Search the material for the word "LEFT" and report each line where it turns up.

** Opening EXCERPTED RECORDS block **

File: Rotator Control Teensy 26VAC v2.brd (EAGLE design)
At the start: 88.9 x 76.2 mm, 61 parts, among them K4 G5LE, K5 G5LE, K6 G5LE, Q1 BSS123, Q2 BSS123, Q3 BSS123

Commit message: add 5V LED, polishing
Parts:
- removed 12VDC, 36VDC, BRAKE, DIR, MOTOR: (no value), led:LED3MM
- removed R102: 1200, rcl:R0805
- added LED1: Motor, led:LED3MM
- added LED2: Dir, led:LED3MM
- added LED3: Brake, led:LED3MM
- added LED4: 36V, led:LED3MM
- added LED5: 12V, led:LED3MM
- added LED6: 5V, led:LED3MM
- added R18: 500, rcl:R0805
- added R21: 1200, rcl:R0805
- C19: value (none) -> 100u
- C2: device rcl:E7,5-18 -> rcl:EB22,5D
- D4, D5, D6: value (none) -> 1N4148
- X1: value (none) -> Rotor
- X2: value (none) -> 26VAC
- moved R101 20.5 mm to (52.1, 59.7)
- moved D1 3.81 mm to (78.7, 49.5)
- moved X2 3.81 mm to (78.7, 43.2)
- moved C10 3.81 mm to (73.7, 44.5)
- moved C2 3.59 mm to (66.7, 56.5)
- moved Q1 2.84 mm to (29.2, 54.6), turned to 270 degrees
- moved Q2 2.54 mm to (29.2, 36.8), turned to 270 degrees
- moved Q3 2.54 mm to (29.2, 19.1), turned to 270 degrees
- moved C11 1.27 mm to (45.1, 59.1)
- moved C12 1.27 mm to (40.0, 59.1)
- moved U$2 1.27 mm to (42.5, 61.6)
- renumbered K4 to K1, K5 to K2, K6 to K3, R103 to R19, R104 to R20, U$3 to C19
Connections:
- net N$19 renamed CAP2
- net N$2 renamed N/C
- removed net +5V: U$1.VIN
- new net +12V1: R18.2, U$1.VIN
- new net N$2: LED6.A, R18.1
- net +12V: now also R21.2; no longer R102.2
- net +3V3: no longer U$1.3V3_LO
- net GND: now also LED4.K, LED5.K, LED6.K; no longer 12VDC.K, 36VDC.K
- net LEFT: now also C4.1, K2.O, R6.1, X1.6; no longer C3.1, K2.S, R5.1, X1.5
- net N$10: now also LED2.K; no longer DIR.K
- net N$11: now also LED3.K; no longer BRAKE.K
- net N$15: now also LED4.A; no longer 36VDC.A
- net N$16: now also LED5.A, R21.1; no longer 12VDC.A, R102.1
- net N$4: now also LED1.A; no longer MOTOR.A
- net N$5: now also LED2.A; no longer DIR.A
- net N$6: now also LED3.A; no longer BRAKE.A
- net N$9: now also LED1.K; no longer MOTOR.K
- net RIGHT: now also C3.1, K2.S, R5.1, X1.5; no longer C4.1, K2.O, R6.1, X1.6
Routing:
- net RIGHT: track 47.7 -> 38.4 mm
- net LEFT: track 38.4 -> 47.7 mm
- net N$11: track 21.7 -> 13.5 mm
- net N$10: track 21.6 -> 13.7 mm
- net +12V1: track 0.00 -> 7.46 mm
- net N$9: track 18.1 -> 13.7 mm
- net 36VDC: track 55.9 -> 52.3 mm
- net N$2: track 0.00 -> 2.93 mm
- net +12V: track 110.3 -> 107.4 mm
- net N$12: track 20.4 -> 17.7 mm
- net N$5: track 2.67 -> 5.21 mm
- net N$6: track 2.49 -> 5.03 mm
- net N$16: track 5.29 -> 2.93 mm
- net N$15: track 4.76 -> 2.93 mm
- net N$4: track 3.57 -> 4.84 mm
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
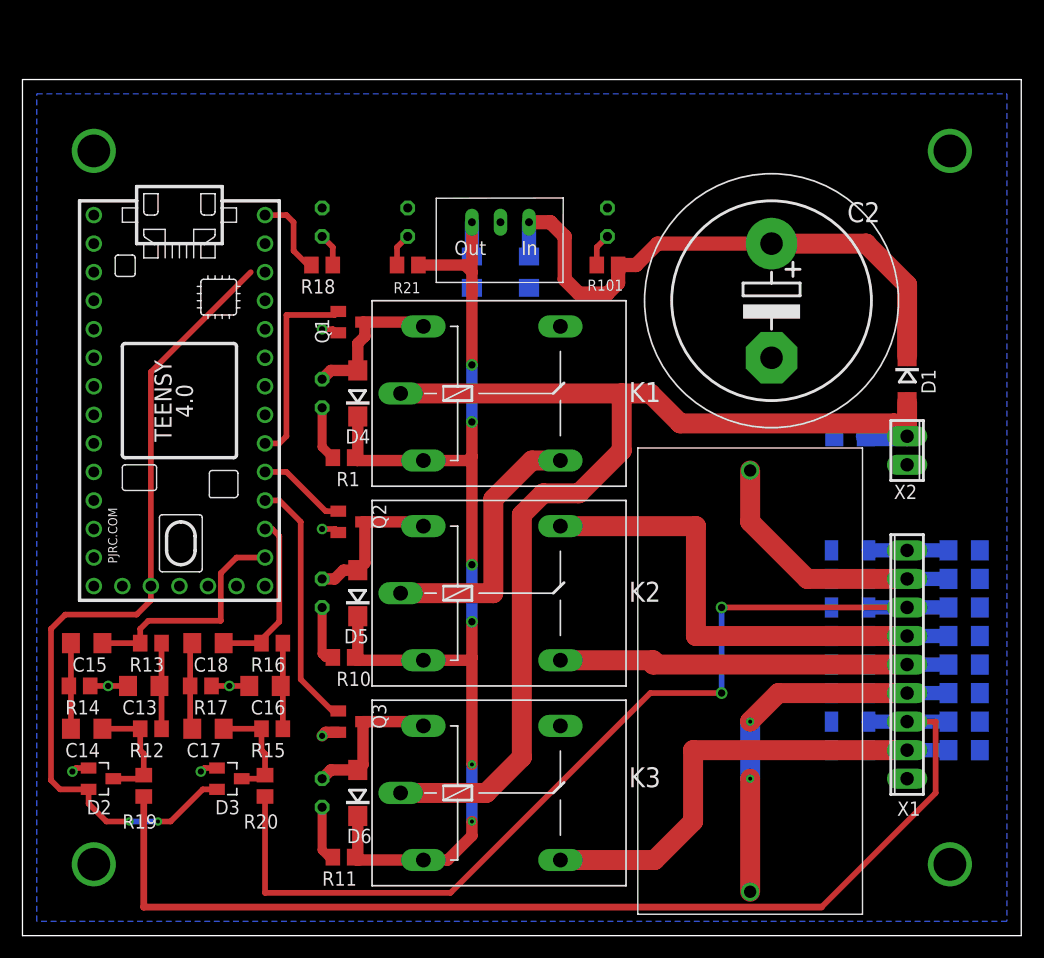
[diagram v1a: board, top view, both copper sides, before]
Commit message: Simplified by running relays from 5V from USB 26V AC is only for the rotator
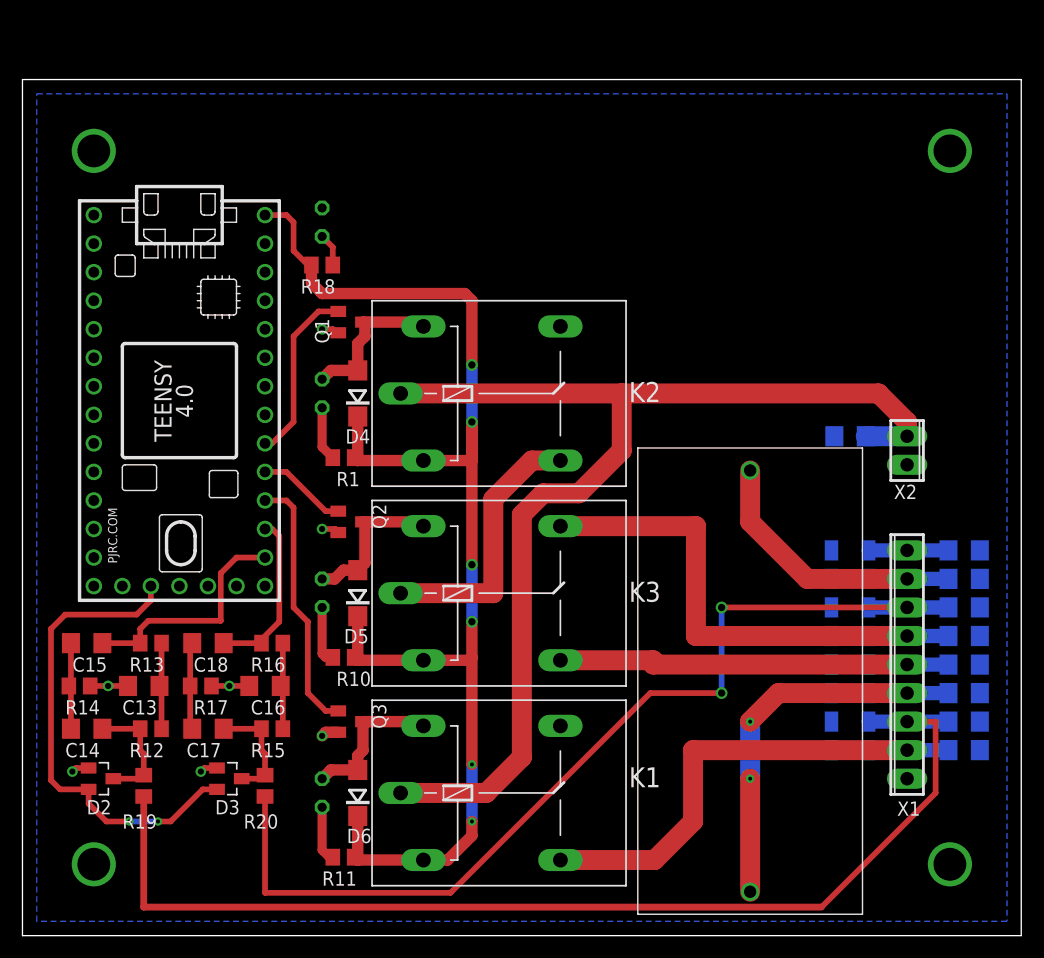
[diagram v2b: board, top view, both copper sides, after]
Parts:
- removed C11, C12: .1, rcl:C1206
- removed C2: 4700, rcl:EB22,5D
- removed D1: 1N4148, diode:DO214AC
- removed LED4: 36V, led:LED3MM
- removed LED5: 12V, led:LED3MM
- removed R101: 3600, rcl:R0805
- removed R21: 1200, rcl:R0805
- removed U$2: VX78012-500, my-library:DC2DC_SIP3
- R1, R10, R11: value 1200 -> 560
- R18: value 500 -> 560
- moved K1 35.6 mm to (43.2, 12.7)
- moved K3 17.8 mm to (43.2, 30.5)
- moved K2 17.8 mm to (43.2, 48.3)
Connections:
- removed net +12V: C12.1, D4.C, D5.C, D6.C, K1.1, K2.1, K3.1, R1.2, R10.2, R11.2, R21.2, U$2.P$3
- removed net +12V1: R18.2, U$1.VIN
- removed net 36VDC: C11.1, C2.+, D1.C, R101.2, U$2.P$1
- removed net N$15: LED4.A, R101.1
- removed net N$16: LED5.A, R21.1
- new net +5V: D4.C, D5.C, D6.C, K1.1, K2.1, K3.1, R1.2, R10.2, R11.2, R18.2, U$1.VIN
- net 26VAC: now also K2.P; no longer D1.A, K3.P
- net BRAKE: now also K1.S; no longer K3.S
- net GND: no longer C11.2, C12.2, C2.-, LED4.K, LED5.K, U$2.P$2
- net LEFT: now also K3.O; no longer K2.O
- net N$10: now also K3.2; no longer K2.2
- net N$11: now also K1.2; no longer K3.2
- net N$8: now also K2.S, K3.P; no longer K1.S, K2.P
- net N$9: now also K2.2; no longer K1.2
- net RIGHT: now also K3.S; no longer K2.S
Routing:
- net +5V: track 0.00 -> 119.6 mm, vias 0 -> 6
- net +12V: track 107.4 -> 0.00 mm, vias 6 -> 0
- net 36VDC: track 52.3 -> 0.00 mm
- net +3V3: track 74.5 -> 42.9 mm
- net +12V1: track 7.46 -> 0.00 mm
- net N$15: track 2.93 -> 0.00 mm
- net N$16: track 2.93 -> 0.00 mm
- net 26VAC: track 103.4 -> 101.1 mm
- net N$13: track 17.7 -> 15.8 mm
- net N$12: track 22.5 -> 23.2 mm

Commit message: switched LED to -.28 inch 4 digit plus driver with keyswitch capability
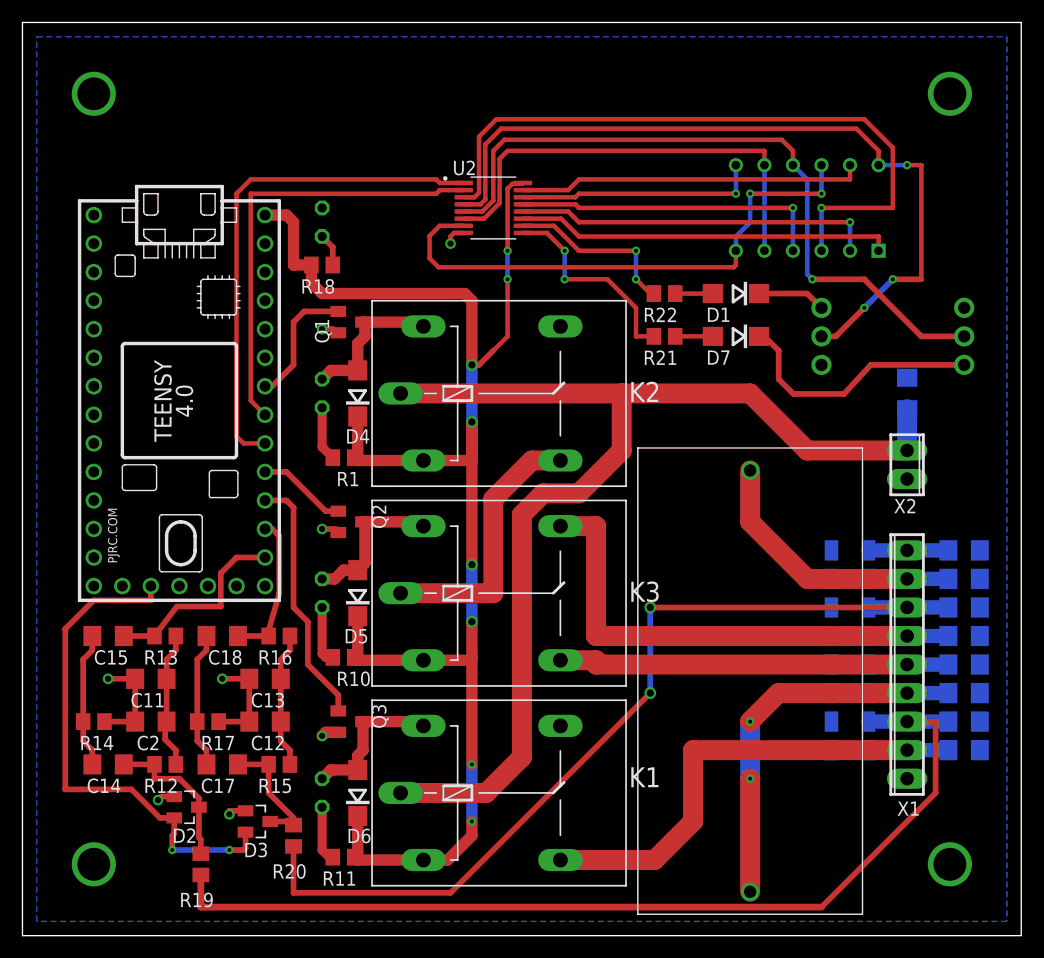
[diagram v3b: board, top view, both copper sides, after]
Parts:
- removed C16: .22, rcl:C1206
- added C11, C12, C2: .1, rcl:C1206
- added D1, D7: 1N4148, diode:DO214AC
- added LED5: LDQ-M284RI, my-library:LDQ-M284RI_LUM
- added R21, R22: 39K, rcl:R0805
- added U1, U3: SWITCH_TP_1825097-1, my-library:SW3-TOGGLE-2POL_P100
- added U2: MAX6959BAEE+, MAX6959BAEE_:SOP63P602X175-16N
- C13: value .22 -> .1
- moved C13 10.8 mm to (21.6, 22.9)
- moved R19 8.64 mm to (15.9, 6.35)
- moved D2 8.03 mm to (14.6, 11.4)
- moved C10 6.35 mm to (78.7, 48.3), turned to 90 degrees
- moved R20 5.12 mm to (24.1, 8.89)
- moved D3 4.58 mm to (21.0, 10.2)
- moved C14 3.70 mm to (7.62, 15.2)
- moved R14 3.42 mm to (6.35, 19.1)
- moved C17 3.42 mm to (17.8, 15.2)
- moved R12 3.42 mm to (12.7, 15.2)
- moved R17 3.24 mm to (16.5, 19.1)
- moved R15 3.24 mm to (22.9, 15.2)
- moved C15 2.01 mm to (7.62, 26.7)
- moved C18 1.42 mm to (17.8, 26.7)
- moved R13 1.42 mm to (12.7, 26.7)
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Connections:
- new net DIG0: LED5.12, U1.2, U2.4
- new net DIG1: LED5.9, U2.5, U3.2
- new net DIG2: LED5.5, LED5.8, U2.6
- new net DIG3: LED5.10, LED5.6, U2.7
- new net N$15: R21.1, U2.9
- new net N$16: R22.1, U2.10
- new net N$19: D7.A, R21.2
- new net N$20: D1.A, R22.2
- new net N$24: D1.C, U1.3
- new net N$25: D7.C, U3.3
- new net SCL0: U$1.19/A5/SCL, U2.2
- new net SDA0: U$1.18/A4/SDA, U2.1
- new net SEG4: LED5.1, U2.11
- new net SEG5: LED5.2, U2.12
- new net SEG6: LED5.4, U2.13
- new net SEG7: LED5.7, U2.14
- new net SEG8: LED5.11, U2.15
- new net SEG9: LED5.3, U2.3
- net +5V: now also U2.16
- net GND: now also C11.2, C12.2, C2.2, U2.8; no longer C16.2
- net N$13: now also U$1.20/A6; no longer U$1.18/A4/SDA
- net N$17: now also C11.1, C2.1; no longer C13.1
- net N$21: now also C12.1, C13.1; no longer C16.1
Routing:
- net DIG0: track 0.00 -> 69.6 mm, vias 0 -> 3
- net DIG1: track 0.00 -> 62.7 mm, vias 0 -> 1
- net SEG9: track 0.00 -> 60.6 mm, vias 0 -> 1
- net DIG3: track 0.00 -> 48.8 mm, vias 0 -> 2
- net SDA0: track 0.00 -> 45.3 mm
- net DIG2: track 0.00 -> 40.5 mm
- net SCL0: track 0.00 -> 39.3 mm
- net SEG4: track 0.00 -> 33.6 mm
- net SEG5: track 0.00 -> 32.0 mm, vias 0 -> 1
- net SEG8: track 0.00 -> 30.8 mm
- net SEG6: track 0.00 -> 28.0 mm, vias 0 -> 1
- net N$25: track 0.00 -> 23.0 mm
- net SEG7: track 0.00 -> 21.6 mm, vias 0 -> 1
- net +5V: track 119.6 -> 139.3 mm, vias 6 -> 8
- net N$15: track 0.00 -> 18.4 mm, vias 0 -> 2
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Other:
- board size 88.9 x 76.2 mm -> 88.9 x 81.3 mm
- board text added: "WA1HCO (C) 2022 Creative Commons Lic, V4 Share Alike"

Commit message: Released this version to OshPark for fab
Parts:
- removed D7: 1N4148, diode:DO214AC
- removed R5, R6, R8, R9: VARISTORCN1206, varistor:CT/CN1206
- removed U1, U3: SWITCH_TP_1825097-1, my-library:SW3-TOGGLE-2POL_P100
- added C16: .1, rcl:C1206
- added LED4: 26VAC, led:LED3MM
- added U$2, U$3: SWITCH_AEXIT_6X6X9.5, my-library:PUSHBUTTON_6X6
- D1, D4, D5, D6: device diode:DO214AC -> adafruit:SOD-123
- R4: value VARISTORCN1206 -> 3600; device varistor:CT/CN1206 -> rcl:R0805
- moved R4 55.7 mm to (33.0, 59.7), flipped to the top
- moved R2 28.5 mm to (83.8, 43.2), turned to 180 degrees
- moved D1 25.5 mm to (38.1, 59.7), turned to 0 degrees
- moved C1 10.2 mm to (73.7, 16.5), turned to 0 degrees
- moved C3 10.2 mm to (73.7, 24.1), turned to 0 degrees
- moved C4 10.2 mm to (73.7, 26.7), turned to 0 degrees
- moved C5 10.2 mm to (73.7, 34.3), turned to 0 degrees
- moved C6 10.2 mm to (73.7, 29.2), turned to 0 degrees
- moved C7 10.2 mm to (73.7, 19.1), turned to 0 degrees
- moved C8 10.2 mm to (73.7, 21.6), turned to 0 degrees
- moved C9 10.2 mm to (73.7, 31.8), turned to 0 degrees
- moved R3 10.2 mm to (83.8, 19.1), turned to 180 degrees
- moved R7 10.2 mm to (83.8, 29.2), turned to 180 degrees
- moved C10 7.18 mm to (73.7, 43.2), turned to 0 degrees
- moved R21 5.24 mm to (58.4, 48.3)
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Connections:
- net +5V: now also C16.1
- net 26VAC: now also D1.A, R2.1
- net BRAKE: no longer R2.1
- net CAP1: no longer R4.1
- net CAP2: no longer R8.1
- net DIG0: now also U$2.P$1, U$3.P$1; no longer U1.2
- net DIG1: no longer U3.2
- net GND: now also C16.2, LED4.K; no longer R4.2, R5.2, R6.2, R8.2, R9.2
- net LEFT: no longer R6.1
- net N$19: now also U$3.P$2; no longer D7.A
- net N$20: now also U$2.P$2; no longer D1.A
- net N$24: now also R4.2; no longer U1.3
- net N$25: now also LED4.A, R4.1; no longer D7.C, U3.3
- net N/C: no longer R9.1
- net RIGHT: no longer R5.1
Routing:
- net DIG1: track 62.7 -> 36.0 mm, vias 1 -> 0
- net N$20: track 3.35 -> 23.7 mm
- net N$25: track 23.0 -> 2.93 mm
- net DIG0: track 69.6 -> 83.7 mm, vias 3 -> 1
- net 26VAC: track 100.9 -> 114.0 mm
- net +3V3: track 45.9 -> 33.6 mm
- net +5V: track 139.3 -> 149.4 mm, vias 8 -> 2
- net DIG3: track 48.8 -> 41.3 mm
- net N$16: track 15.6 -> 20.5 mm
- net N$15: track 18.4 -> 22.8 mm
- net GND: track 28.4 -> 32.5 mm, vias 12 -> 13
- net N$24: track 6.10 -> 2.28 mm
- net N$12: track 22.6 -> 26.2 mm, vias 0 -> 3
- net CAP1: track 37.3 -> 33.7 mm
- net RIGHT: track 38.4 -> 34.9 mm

** Closing EXCERPTED RECORDS block **

EXERCISE ANSWER:
- net LEFT: now also C4.1, K2.O, R6.1, X1.6; no longer C3.1, K2.S, R5.1, X1.5
- net LEFT: track 38.4 -> 47.7 mm
- net LEFT: now also K3.O; no longer K2.O
- net LEFT: no longer R6.1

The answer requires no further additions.